List five of the most famous blues songs you can think of. Was “Statesboro Blues” on your list? It is a mainstay on most lists not only because of its excellence as a song, but also because of its proliferation – i.e. the song was re-recorded by the right people. Even if “Statesboro Blues” didn’t find a spot on your list, it is certainly a staple of blues history and a widely recognized song today. You hear the opening few notes of the riff and hear “Wake up Mama, turn your lamp down low” and you just know you are traveling to Georgia to experience the Statesboro blues. But with whom are you traveling with. The original creator of the famous blues piece, the first modernizer, or the performers with arguably the best version of the song? I think we are in need of a Blues Evolution.

By the way, before I continue, if you are interested in the blues and want to learn more about famous originators check out the list that John Phillips is compiling over at the Real Canadian Music Blog. His Let’s Explore the Blues section offers a deep dive into pre-rock blues (http://therealcanadianmusicblog.wordpress.com/category/blues/)

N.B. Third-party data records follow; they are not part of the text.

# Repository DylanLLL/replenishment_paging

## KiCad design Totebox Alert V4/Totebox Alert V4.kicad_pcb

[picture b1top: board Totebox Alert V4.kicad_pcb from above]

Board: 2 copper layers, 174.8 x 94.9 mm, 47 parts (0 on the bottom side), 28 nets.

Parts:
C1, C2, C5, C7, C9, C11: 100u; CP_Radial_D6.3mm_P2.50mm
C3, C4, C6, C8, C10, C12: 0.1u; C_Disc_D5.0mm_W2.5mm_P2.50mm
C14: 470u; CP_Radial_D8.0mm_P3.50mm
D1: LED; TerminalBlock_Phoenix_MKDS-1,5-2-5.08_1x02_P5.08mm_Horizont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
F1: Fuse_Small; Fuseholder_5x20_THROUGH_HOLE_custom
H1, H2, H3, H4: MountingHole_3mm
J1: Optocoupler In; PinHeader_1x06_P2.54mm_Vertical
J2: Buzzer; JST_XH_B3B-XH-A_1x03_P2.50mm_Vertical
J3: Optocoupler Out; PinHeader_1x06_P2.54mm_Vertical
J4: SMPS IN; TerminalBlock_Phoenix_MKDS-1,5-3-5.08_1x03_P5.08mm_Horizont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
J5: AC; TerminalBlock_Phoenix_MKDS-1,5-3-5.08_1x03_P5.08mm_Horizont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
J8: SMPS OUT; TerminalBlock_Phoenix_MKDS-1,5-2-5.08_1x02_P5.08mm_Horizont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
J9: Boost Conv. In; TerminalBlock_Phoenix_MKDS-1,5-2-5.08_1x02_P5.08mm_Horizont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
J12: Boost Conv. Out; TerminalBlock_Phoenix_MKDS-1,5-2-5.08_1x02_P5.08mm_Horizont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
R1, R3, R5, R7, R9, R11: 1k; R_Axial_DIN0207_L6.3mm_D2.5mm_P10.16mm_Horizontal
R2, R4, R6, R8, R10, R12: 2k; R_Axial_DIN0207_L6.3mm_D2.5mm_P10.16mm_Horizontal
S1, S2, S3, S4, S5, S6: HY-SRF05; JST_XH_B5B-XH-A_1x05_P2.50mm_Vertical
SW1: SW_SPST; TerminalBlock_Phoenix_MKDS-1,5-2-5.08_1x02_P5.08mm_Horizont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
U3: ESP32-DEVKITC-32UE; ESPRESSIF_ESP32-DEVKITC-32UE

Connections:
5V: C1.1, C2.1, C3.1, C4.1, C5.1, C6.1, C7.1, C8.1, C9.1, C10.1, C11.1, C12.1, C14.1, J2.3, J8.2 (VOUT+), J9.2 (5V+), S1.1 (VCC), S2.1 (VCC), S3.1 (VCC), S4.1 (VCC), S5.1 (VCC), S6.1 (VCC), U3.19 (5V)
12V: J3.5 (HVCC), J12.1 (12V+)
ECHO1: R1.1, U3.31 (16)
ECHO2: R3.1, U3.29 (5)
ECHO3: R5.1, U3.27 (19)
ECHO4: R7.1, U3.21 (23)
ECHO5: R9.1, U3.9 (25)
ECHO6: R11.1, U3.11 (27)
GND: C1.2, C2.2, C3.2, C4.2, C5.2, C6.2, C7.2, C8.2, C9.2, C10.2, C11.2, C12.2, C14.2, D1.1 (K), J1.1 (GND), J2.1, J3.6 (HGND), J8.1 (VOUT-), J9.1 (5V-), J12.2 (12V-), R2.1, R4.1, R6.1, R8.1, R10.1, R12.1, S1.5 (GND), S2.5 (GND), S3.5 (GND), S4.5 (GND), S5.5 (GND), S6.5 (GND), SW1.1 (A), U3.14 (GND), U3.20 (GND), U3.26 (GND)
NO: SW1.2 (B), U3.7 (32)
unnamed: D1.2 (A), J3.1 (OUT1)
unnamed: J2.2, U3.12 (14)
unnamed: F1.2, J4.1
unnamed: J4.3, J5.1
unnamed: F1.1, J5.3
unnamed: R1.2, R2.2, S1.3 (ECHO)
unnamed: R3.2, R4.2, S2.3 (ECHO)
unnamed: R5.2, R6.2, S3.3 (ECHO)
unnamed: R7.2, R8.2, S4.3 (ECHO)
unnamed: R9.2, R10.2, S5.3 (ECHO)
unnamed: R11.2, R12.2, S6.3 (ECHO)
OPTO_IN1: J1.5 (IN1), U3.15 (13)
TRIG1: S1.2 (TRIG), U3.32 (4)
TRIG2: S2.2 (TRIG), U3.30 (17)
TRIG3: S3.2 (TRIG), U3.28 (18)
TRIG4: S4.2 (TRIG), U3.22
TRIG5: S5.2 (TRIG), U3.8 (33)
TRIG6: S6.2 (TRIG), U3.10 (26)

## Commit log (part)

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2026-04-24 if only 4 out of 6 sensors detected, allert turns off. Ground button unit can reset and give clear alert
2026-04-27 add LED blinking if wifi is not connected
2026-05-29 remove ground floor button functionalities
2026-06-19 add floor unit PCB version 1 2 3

The best way to explore the evolution of “Statesboro Blues” is to work backwards. Instead of starting in 1928, let’s start 43 years later at the Fillmore East in March of 1971. The Allman Brothers recorded a version of blues piece for their live album At Fillmore East, which is one of the most extraordinary live albums ever released. The song is now a staple during Allman Brothers’ concerts. Why did the song succeed initially? One name. Duane Allman. His slide work on “Statesboro Blues” is some of the greatest ever done by any guitarist ever. It is spine-tingling, goose-bump inducing, holy sh*t how is he making that sound, good. You can listen to it over and over again, transcribe it and play it until your fingers are blue and pulsating, NO ONE will ever play the slide guitar and this song like Duane Allman. Let’s not forget Dickey Betts who also creates a magical tone with his guitar. The riff is heavenly, the blues solo scary good, and the vocals fresh and original. The Allman Brothers makes the song theirs, which is partly why everyone thinks it is their song!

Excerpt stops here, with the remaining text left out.